Reviews for RocknRolla
Welcome back, Mr. Ritchie. I missed your work when you were, you know, Swept Away into an uncomfortable filmmaking zone.
"RocknRolla" is fun, ridden with dark humor mixed with violence [but] its near two-hour run time should have been more like 90 minutes.
RocknRolla is pure Guy Ritchie. All style and not even a pretense of substance.
You don't just watch a Guy Ritchie movie. They are to be experienced. Some circles consider his films more of an assault on the senses than exploration of plot.
It's a nice diversion and if you're not one of those people whoholds grudges about other people's unfulfilled potential ("Why is Guy Ritchie wasting his time - and ours - by making the same movie again and again?"), you might find yourself entertained.
Ritchie, who shoots and cuts everything in RocknRolla like an ad for a particularly greasy brand of fragrance for men, delivers the beatings and killings in his trademark atmosphere of morally weightless flash.
Style is what RocknRolla is all about. And it has it in spades, from the cockney Pulp Fiction dialogue to the music-video editing of the rambling narrative.

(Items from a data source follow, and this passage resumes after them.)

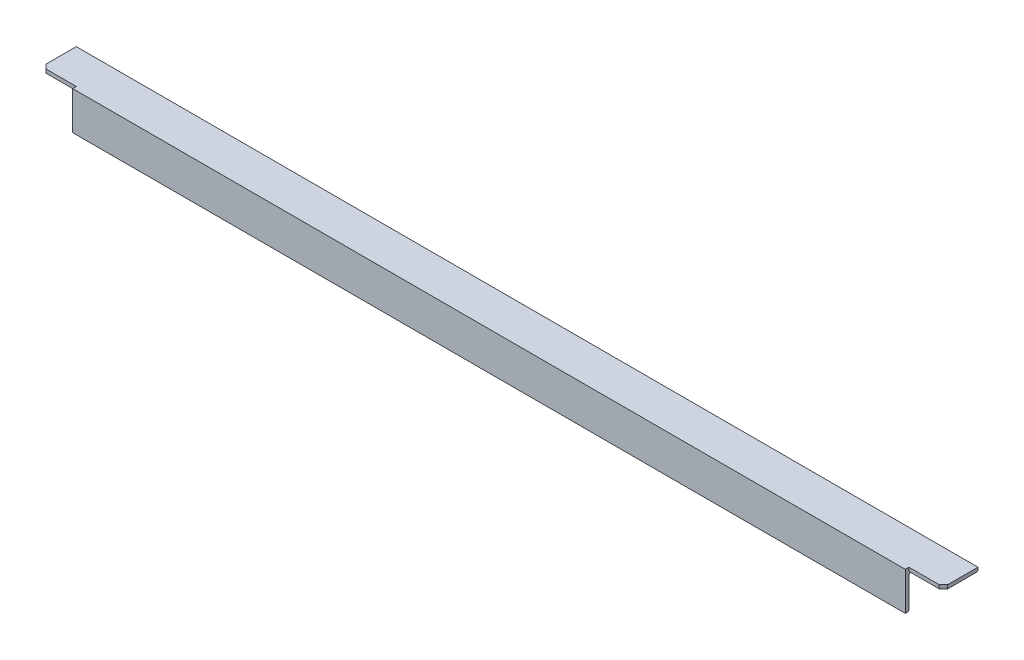
ISO-10303-21;
HEADER;
FILE_DESCRIPTION(('STEP AP214'),'2;1');
FILE_NAME('part.step','',(''),(''),'','','');
FILE_SCHEMA(('AUTOMOTIVE_DESIGN { 1 0 10303 214 1 1 1 1 }'));
ENDSEC;
DATA;
#1=APPLICATION_CONTEXT('core data for automotive mechanical design processes');
#2=APPLICATION_PROTOCOL_DEFINITION('international standard','automotive_design',2000,#1);
#3=PRODUCT_CONTEXT('',#1,'mechanical');
#4=PRODUCT('Part','Part','',(#3));
#5=PRODUCT_RELATED_PRODUCT_CATEGORY('part','',(#4));
#6=PRODUCT_DEFINITION_FORMATION('','',#4);
#7=PRODUCT_DEFINITION_CONTEXT('part definition',#1,'design');
#8=PRODUCT_DEFINITION('design','',#6,#7);
#9=PRODUCT_DEFINITION_SHAPE('','',#8);
#10=(LENGTH_UNIT() NAMED_UNIT(*) SI_UNIT(.MILLI.,.METRE.));
#11=(NAMED_UNIT(*) PLANE_ANGLE_UNIT() SI_UNIT($,.RADIAN.));
#12=(NAMED_UNIT(*) SI_UNIT($,.STERADIAN.) SOLID_ANGLE_UNIT());
#13=UNCERTAINTY_MEASURE_WITH_UNIT(LENGTH_MEASURE(1.E-05),#10,'distance_accuracy_value','');
#14=(GEOMETRIC_REPRESENTATION_CONTEXT(3) GLOBAL_UNCERTAINTY_ASSIGNED_CONTEXT((#13)) GLOBAL_UNIT_ASSIGNED_CONTEXT((#10,
#11,#12)) REPRESENTATION_CONTEXT('',''));
#15=CARTESIAN_POINT('',(0.,0.,0.));
#16=DIRECTION('',(0.,0.,1.));
#17=DIRECTION('',(1.,0.,0.));
#18=AXIS2_PLACEMENT_3D('',#15,#16,#17);
#19=CARTESIAN_POINT('',(750.,587.,487.));
#20=DIRECTION('',(-1.,0.,0.));
#21=DIRECTION('',(0.,0.,1.));
#22=AXIS2_PLACEMENT_3D('',#19,#20,#21);
#23=CYLINDRICAL_SURFACE('',#22,7.00000000000001);
#24=CARTESIAN_POINT('',(-687.,587.,487.));
#25=DIRECTION('',(-1.,0.,0.));
#26=DIRECTION('',(0.,0.,1.));
#27=AXIS2_PLACEMENT_3D('',#24,#25,#26);
#28=CIRCLE('',#27,7.00000000000001);
#29=CARTESIAN_POINT('',(-687.,594.000000000001,486.999999999988));
#30=VERTEX_POINT('',#29);
#31=CARTESIAN_POINT('',(-687.,587.,494.));
#32=VERTEX_POINT('',#31);
#33=EDGE_CURVE('E237',#30,#32,#28,.F.);
#34=ORIENTED_EDGE('',*,*,#33,.F.);
#35=DIRECTION('',(-1.,0.,0.));
#36=VECTOR('',#35,1.);
#37=CARTESIAN_POINT('',(750.,594.,487.));
#38=LINE('',#37,#36);
#39=CARTESIAN_POINT('',(687.,594.000000000001,486.999999999999));
#40=VERTEX_POINT('',#39);
#41=EDGE_CURVE('E122',#40,#30,#38,.T.);
#42=ORIENTED_EDGE('',*,*,#41,.F.);
#43=CARTESIAN_POINT('',(687.,587.,487.));
#44=DIRECTION('',(1.,0.,0.));
#45=DIRECTION('',(0.,0.,-1.));
#46=AXIS2_PLACEMENT_3D('',#43,#44,#45);
#47=CIRCLE('',#46,7.00000000000001);
#48=CARTESIAN_POINT('',(687.,587.,493.999999999999));
#49=VERTEX_POINT('',#48);
#50=EDGE_CURVE('E138',#49,#40,#47,.F.);
#51=ORIENTED_EDGE('',*,*,#50,.F.);
#52=DIRECTION('',(-1.,0.,0.));
#53=VECTOR('',#52,1.);
#54=CARTESIAN_POINT('',(750.,587.,494.));
#55=LINE('',#54,#53);
#56=EDGE_CURVE('E195',#49,#32,#55,.T.);
#57=ORIENTED_EDGE('',*,*,#56,.T.);
#58=EDGE_LOOP('',(#34,#42,#51,#57));
#59=FACE_BOUND('',#58,.T.);
#60=ADVANCED_FACE('F34',(#59),#23,.F.);
#61=CARTESIAN_POINT('',(750.,600.000000000001,437.));
#62=DIRECTION('',(0.,0.,1.));
#63=DIRECTION('',(0.,-1.,0.));
#64=AXIS2_PLACEMENT_3D('',#61,#62,#63);
#65=PLANE('',#64);
#66=DIRECTION('',(0.,-1.,0.));
#67=VECTOR('',#66,1.);
#68=CARTESIAN_POINT('',(-744.000000000001,1100.,437.));
#69=LINE('',#68,#67);
#70=CARTESIAN_POINT('',(-744.000000000001,600.000000000001,437.));
#71=VERTEX_POINT('',#70);
#72=CARTESIAN_POINT('',(-744.000000000001,596.300000000001,437.));
#73=VERTEX_POINT('',#72);
#74=EDGE_CURVE('E205',#71,#73,#69,.T.);
#75=ORIENTED_EDGE('',*,*,#74,.F.);
#76=DIRECTION('',(-1.,0.,0.));
#77=VECTOR('',#76,1.);
#78=CARTESIAN_POINT('',(750.,600.000000000001,437.));
#79=LINE('',#78,#77);
#80=CARTESIAN_POINT('',(744.,600.000000000001,437.));
#81=VERTEX_POINT('',#80);
#82=EDGE_CURVE('E131',#81,#71,#79,.T.);
#83=ORIENTED_EDGE('',*,*,#82,.F.);
#84=DIRECTION('',(0.,1.,0.));
#85=VECTOR('',#84,1.);
#86=CARTESIAN_POINT('',(744.,0.,437.));
#87=LINE('',#86,#85);
#88=CARTESIAN_POINT('',(744.,596.300000000001,437.));
#89=VERTEX_POINT('',#88);
#90=EDGE_CURVE('E179',#89,#81,#87,.T.);
#91=ORIENTED_EDGE('',*,*,#90,.F.);
#92=DIRECTION('',(-1.,0.,0.));
#93=VECTOR('',#92,1.);
#94=CARTESIAN_POINT('',(750.,596.300000000001,437.));
#95=LINE('',#94,#93);
#96=EDGE_CURVE('E135',#89,#73,#95,.T.);
#97=ORIENTED_EDGE('',*,*,#96,.T.);
#98=EDGE_LOOP('',(#75,#83,#91,#97));
#99=FACE_BOUND('',#98,.T.);
#100=ADVANCED_FACE('F36',(#99),#65,.F.);
#101=CARTESIAN_POINT('',(750.,600.000000000001,437.));
#102=DIRECTION('',(0.,-1.,0.));
#103=DIRECTION('',(0.,0.,-1.));
#104=AXIS2_PLACEMENT_3D('',#101,#102,#103);
#105=PLANE('',#104);
#106=DIRECTION('',(0.,0.,-1.));
#107=VECTOR('',#106,1.);
#108=CARTESIAN_POINT('',(-744.000000000001,600.000000000001,437.000000000013));
#109=LINE('',#108,#107);
#110=CARTESIAN_POINT('',(-744.,600.000000000001,487.));
#111=VERTEX_POINT('',#110);
#112=EDGE_CURVE('E203',#111,#71,#109,.T.);
#113=ORIENTED_EDGE('',*,*,#112,.F.);
#114=DIRECTION('',(0.707106781186548,0.,0.707106781186547));
#115=VECTOR('',#114,1.);
#116=CARTESIAN_POINT('',(-21.999999999999,599.999999999992,1209.));
#117=LINE('',#116,#115);
#118=CARTESIAN_POINT('',(-737.,600.,494.));
#119=VERTEX_POINT('',#118);
#120=EDGE_CURVE('E137',#111,#119,#117,.T.);
#121=ORIENTED_EDGE('',*,*,#120,.T.);
#122=DIRECTION('',(-1.,0.,0.));
#123=VECTOR('',#122,1.);
#124=CARTESIAN_POINT('',(750.,600.,493.999999999989));
#125=LINE('',#124,#123);
#126=CARTESIAN_POINT('',(-687.,600.,494.));
#127=VERTEX_POINT('',#126);
#128=EDGE_CURVE('E197',#127,#119,#125,.T.);
#129=ORIENTED_EDGE('',*,*,#128,.F.);
#130=DIRECTION('',(0.,0.,-1.));
#131=VECTOR('',#130,1.);
#132=CARTESIAN_POINT('',(-687.,600.000000000001,436.999999999995));
#133=LINE('',#132,#131);
#134=CARTESIAN_POINT('',(-687.,600.,500.));
#135=VERTEX_POINT('',#134);
#136=EDGE_CURVE('E74',#135,#127,#133,.T.);
#137=ORIENTED_EDGE('',*,*,#136,.F.);
#138=DIRECTION('',(-1.,0.,0.));
#139=VECTOR('',#138,1.);
#140=CARTESIAN_POINT('',(750.,600.,500.));
#141=LINE('',#140,#139);
#142=CARTESIAN_POINT('',(687.,600.,500.));
#143=VERTEX_POINT('',#142);
#144=EDGE_CURVE('E124',#143,#135,#141,.T.);
#145=ORIENTED_EDGE('',*,*,#144,.F.);
#146=DIRECTION('',(0.,0.,1.));
#147=VECTOR('',#146,1.);
#148=CARTESIAN_POINT('',(687.,600.000000000001,437.));
#149=LINE('',#148,#147);
#150=CARTESIAN_POINT('',(687.,600.,494.));
#151=VERTEX_POINT('',#150);
#152=EDGE_CURVE('E171',#151,#143,#149,.T.);
#153=ORIENTED_EDGE('',*,*,#152,.F.);
#154=DIRECTION('',(-1.,0.,0.));
#155=VECTOR('',#154,1.);
#156=CARTESIAN_POINT('',(749.999999999999,600.,494.));
#157=LINE('',#156,#155);
#158=CARTESIAN_POINT('',(737.,600.,494.));
#159=VERTEX_POINT('',#158);
#160=EDGE_CURVE('E193',#159,#151,#157,.T.);
#161=ORIENTED_EDGE('',*,*,#160,.F.);
#162=DIRECTION('',(0.707106781186548,0.,-0.707106781186547));
#163=VECTOR('',#162,1.);
#164=CARTESIAN_POINT('',(772.,600.000000000001,459.));
#165=LINE('',#164,#163);
#166=CARTESIAN_POINT('',(744.,600.000000000001,487.));
#167=VERTEX_POINT('',#166);
#168=EDGE_CURVE('E134',#159,#167,#165,.T.);
#169=ORIENTED_EDGE('',*,*,#168,.T.);
#170=DIRECTION('',(0.,0.,1.));
#171=VECTOR('',#170,1.);
#172=CARTESIAN_POINT('',(744.,600.000000000001,437.));
#173=LINE('',#172,#171);
#174=EDGE_CURVE('E170',#81,#167,#173,.T.);
#175=ORIENTED_EDGE('',*,*,#174,.F.);
#176=ORIENTED_EDGE('',*,*,#82,.T.);
#177=EDGE_LOOP('',(#113,#121,#129,#137,#145,#153,#161,#169,#175,#176));
#178=FACE_BOUND('',#177,.T.);
#179=ADVANCED_FACE('F267',(#178),#105,.F.);
#180=CARTESIAN_POINT('',(750.,600.,500.));
#181=DIRECTION('',(0.,0.,-1.));
#182=DIRECTION('',(0.,1.,0.));
#183=AXIS2_PLACEMENT_3D('',#180,#181,#182);
#184=PLANE('',#183);
#185=DIRECTION('',(0.,-1.,0.));
#186=VECTOR('',#185,1.);
#187=CARTESIAN_POINT('',(-687.,1100.,500.));
#188=LINE('',#187,#186);
#189=CARTESIAN_POINT('',(-687.,537.,500.));
#190=VERTEX_POINT('',#189);
#191=EDGE_CURVE('E58',#135,#190,#188,.T.);
#192=ORIENTED_EDGE('',*,*,#191,.T.);
#193=DIRECTION('',(-1.,0.,0.));
#194=VECTOR('',#193,1.);
#195=CARTESIAN_POINT('',(750.,537.,499.999999999999));
#196=LINE('',#195,#194);
#197=CARTESIAN_POINT('',(687.,537.,499.999999999999));
#198=VERTEX_POINT('',#197);
#199=EDGE_CURVE('E114',#198,#190,#196,.T.);
#200=ORIENTED_EDGE('',*,*,#199,.F.);
#201=DIRECTION('',(0.,1.,0.));
#202=VECTOR('',#201,1.);
#203=CARTESIAN_POINT('',(687.,0.,499.999999999999));
#204=LINE('',#203,#202);
#205=EDGE_CURVE('E130',#198,#143,#204,.T.);
#206=ORIENTED_EDGE('',*,*,#205,.T.);
#207=ORIENTED_EDGE('',*,*,#144,.T.);
#208=EDGE_LOOP('',(#192,#200,#206,#207));
#209=FACE_BOUND('',#208,.T.);
#210=ADVANCED_FACE('F272',(#209),#184,.F.);
#211=CARTESIAN_POINT('',(750.,537.,496.299999999999));
#212=DIRECTION('',(0.,1.,0.));
#213=DIRECTION('',(0.,0.,1.));
#214=AXIS2_PLACEMENT_3D('',#211,#212,#213);
#215=PLANE('',#214);
#216=DIRECTION('',(0.,0.,1.));
#217=VECTOR('',#216,1.);
#218=CARTESIAN_POINT('',(-687.,537.,496.299999999995));
#219=LINE('',#218,#217);
#220=CARTESIAN_POINT('',(-687.,537.,496.299999999999));
#221=VERTEX_POINT('',#220);
#222=EDGE_CURVE('E98',#221,#190,#219,.T.);
#223=ORIENTED_EDGE('',*,*,#222,.F.);
#224=DIRECTION('',(-1.,0.,0.));
#225=VECTOR('',#224,1.);
#226=CARTESIAN_POINT('',(750.,537.,496.299999999999));
#227=LINE('',#226,#225);
#228=CARTESIAN_POINT('',(687.,537.,496.299999999999));
#229=VERTEX_POINT('',#228);
#230=EDGE_CURVE('E112',#229,#221,#227,.T.);
#231=ORIENTED_EDGE('',*,*,#230,.F.);
#232=DIRECTION('',(0.,0.,-1.));
#233=VECTOR('',#232,1.);
#234=CARTESIAN_POINT('',(687.,537.,496.3));
#235=LINE('',#234,#233);
#236=EDGE_CURVE('E187',#198,#229,#235,.T.);
#237=ORIENTED_EDGE('',*,*,#236,.F.);
#238=ORIENTED_EDGE('',*,*,#199,.T.);
#239=EDGE_LOOP('',(#223,#231,#237,#238));
#240=FACE_BOUND('',#239,.T.);
#241=ADVANCED_FACE('F109',(#240),#215,.F.);
#242=CARTESIAN_POINT('',(750.,539.3,496.299999999999));
#243=DIRECTION('',(-1.,0.,0.));
#244=DIRECTION('',(0.,0.,1.));
#245=AXIS2_PLACEMENT_3D('',#242,#243,#244);
#246=CYLINDRICAL_SURFACE('',#245,2.29999999999997);
#247=CARTESIAN_POINT('',(-687.,539.3,496.299999999999));
#248=DIRECTION('',(-1.,0.,0.));
#249=DIRECTION('',(0.,0.,1.));
#250=AXIS2_PLACEMENT_3D('',#247,#248,#249);
#251=CIRCLE('',#250,2.29999999999997);
#252=CARTESIAN_POINT('',(-687.,539.3,494.));
#253=VERTEX_POINT('',#252);
#254=EDGE_CURVE('E95',#253,#221,#251,.T.);
#255=ORIENTED_EDGE('',*,*,#254,.F.);
#256=DIRECTION('',(-1.,0.,0.));
#257=VECTOR('',#256,1.);
#258=CARTESIAN_POINT('',(750.,539.3,493.999999999999));
#259=LINE('',#258,#257);
#260=CARTESIAN_POINT('',(687.,539.3,494.));
#261=VERTEX_POINT('',#260);
#262=EDGE_CURVE('E120',#261,#253,#259,.T.);
#263=ORIENTED_EDGE('',*,*,#262,.F.);
#264=CARTESIAN_POINT('',(687.,539.3,496.299999999999));
#265=DIRECTION('',(1.,0.,0.));
#266=DIRECTION('',(0.,0.,-1.));
#267=AXIS2_PLACEMENT_3D('',#264,#265,#266);
#268=CIRCLE('',#267,2.29999999999997);
#269=EDGE_CURVE('E119',#229,#261,#268,.T.);
#270=ORIENTED_EDGE('',*,*,#269,.F.);
#271=ORIENTED_EDGE('',*,*,#230,.T.);
#272=EDGE_LOOP('',(#255,#263,#270,#271));
#273=FACE_BOUND('',#272,.T.);
#274=ADVANCED_FACE('F117',(#273),#246,.T.);
#275=CARTESIAN_POINT('',(750.,587.,494.));
#276=DIRECTION('',(0.,0.,1.));
#277=DIRECTION('',(0.,-1.,0.));
#278=AXIS2_PLACEMENT_3D('',#275,#276,#277);
#279=PLANE('',#278);
#280=DIRECTION('',(0.,-1.,0.));
#281=VECTOR('',#280,1.);
#282=CARTESIAN_POINT('',(-687.,1100.,494.));
#283=LINE('',#282,#281);
#284=EDGE_CURVE('E100',#32,#253,#283,.T.);
#285=ORIENTED_EDGE('',*,*,#284,.F.);
#286=ORIENTED_EDGE('',*,*,#56,.F.);
#287=DIRECTION('',(0.,1.,0.));
#288=VECTOR('',#287,1.);
#289=CARTESIAN_POINT('',(687.,0.,494.));
#290=LINE('',#289,#288);
#291=EDGE_CURVE('E186',#261,#49,#290,.T.);
#292=ORIENTED_EDGE('',*,*,#291,.F.);
#293=ORIENTED_EDGE('',*,*,#262,.T.);
#294=EDGE_LOOP('',(#285,#286,#292,#293));
#295=FACE_BOUND('',#294,.T.);
#296=ADVANCED_FACE('F293',(#295),#279,.F.);
#297=CARTESIAN_POINT('',(750.,594.000000000001,439.3));
#298=DIRECTION('',(0.,1.,0.));
#299=DIRECTION('',(0.,0.,1.));
#300=AXIS2_PLACEMENT_3D('',#297,#298,#299);
#301=PLANE('',#300);
#302=DIRECTION('',(0.,0.,1.));
#303=VECTOR('',#302,1.);
#304=CARTESIAN_POINT('',(-744.000000000001,594.000000000001,439.300000000013));
#305=LINE('',#304,#303);
#306=CARTESIAN_POINT('',(-744.000000000001,594.000000000001,439.3));
#307=VERTEX_POINT('',#306);
#308=CARTESIAN_POINT('',(-744.,594.000000000001,486.999999999988));
#309=VERTEX_POINT('',#308);
#310=EDGE_CURVE('E207',#307,#309,#305,.T.);
#311=ORIENTED_EDGE('',*,*,#310,.F.);
#312=DIRECTION('',(-1.,0.,0.));
#313=VECTOR('',#312,1.);
#314=CARTESIAN_POINT('',(750.,594.000000000001,439.3));
#315=LINE('',#314,#313);
#316=CARTESIAN_POINT('',(744.,594.000000000001,439.3));
#317=VERTEX_POINT('',#316);
#318=EDGE_CURVE('E176',#317,#307,#315,.T.);
#319=ORIENTED_EDGE('',*,*,#318,.F.);
#320=DIRECTION('',(0.,0.,-1.));
#321=VECTOR('',#320,1.);
#322=CARTESIAN_POINT('',(744.,594.000000000001,439.3));
#323=LINE('',#322,#321);
#324=CARTESIAN_POINT('',(744.,594.000000000001,487.));
#325=VERTEX_POINT('',#324);
#326=EDGE_CURVE('E166',#325,#317,#323,.T.);
#327=ORIENTED_EDGE('',*,*,#326,.F.);
#328=DIRECTION('',(0.707106781186548,0.,-0.707106781186547));
#329=VECTOR('',#328,1.);
#330=CARTESIAN_POINT('',(744.,594.000000000001,487.));
#331=LINE('',#330,#329);
#332=CARTESIAN_POINT('',(737.,594.000000000001,494.));
#333=VERTEX_POINT('',#332);
#334=EDGE_CURVE('E42',#333,#325,#331,.T.);
#335=ORIENTED_EDGE('',*,*,#334,.F.);
#336=DIRECTION('',(1.,0.,0.));
#337=VECTOR('',#336,1.);
#338=CARTESIAN_POINT('',(677.100505063388,594.000000000001,493.999999999999));
#339=LINE('',#338,#337);
#340=CARTESIAN_POINT('',(687.,594.000000000001,494.));
#341=VERTEX_POINT('',#340);
#342=EDGE_CURVE('E264',#341,#333,#339,.T.);
#343=ORIENTED_EDGE('',*,*,#342,.F.);
#344=DIRECTION('',(0.,0.,-1.));
#345=VECTOR('',#344,1.);
#346=CARTESIAN_POINT('',(687.,594.000000000001,486.999999999999));
#347=LINE('',#346,#345);
#348=EDGE_CURVE('E49',#341,#40,#347,.T.);
#349=ORIENTED_EDGE('',*,*,#348,.T.);
#350=ORIENTED_EDGE('',*,*,#41,.T.);
#351=DIRECTION('',(0.,0.,1.));
#352=VECTOR('',#351,1.);
#353=CARTESIAN_POINT('',(-687.,594.000000000001,439.300000000001));
#354=LINE('',#353,#352);
#355=CARTESIAN_POINT('',(-687.,594.000000000001,493.999999999988));
#356=VERTEX_POINT('',#355);
#357=EDGE_CURVE('E228',#30,#356,#354,.T.);
#358=ORIENTED_EDGE('',*,*,#357,.T.);
#359=DIRECTION('',(-1.,0.,0.));
#360=VECTOR('',#359,1.);
#361=CARTESIAN_POINT('',(-677.100505063388,594.000000000001,493.999999999988));
#362=LINE('',#361,#360);
#363=CARTESIAN_POINT('',(-737.000000000013,594.000000000001,493.999999999987));
#364=VERTEX_POINT('',#363);
#365=EDGE_CURVE('E425',#356,#364,#362,.T.);
#366=ORIENTED_EDGE('',*,*,#365,.T.);
#367=DIRECTION('',(0.707106781186548,0.,0.707106781186547));
#368=VECTOR('',#367,1.);
#369=CARTESIAN_POINT('',(-744.,594.000000000001,487.));
#370=LINE('',#369,#368);
#371=EDGE_CURVE('E11',#309,#364,#370,.T.);
#372=ORIENTED_EDGE('',*,*,#371,.F.);
#373=EDGE_LOOP('',(#311,#319,#327,#335,#343,#349,#350,#358,#366,#372));
#374=FACE_BOUND('',#373,.T.);
#375=ADVANCED_FACE('F174',(#374),#301,.F.);
#376=CARTESIAN_POINT('',(750.,596.300000000001,439.3));
#377=DIRECTION('',(-1.,0.,0.));
#378=DIRECTION('',(0.,0.,1.));
#379=AXIS2_PLACEMENT_3D('',#376,#377,#378);
#380=CYLINDRICAL_SURFACE('',#379,2.3);
#381=CARTESIAN_POINT('',(-744.000000000001,596.300000000001,439.3));
#382=DIRECTION('',(-1.,0.,0.));
#383=DIRECTION('',(0.,0.,1.));
#384=AXIS2_PLACEMENT_3D('',#381,#382,#383);
#385=CIRCLE('',#384,2.3);
#386=EDGE_CURVE('E83',#73,#307,#385,.T.);
#387=ORIENTED_EDGE('',*,*,#386,.F.);
#388=ORIENTED_EDGE('',*,*,#96,.F.);
#389=CARTESIAN_POINT('',(744.,596.300000000001,439.3));
#390=DIRECTION('',(1.,0.,0.));
#391=DIRECTION('',(0.,0.,-1.));
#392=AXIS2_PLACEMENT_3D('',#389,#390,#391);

If RocknRolla is to be trusted, the director is relying less on his old bag of tricks and more on his expanding abilities as a storyteller -- not just a story stylist.
RocknRolla never feels like it's building to anything, and when we get to the end, we discover it wasn't, in fact, building to anything.
RocknRolla is a recovery from the knockout blows of his past two films but Ritchie is certainly retreading familiar thematic territory.
It's wincingly dated, playing like a Cockney remake of Pulp Fiction, with no new ideas and so cartoonish in style that it's difficult to emotionally connect with anything that's going on.
As in other Ritchie films, RocknRolla attempts to depict a world of ever-expanding chaos. But the chaos is only in the way the story is told. The actual vision Ritchie offers is pedestrian and tame.
This exuberant exercise in pretzel-plotted crime capers is a ridiculously entertaining piece of nonsense, devoid of all the attempts at psychological complexity and philosophical navel-gazing that bogged down Revolver.
Flashy but assured, the film is a controlled exercise in style that toes the line but never feels over-the-top. In a word, RocknRolla rocks.
A handsome ensemble of blokes and one high-heeled accountant who propel this slam-bang romp about the collision of criminal styles in the age of globalization and real estate speculation.
For all its hipster posturing, fast cutting, and camera tricks, this tale of chicanery is peculiarly arid and brittle, without a single character worth caring about.
Ritchie the director may have returned to form, but Ritchie the writer is still an amorphous mess.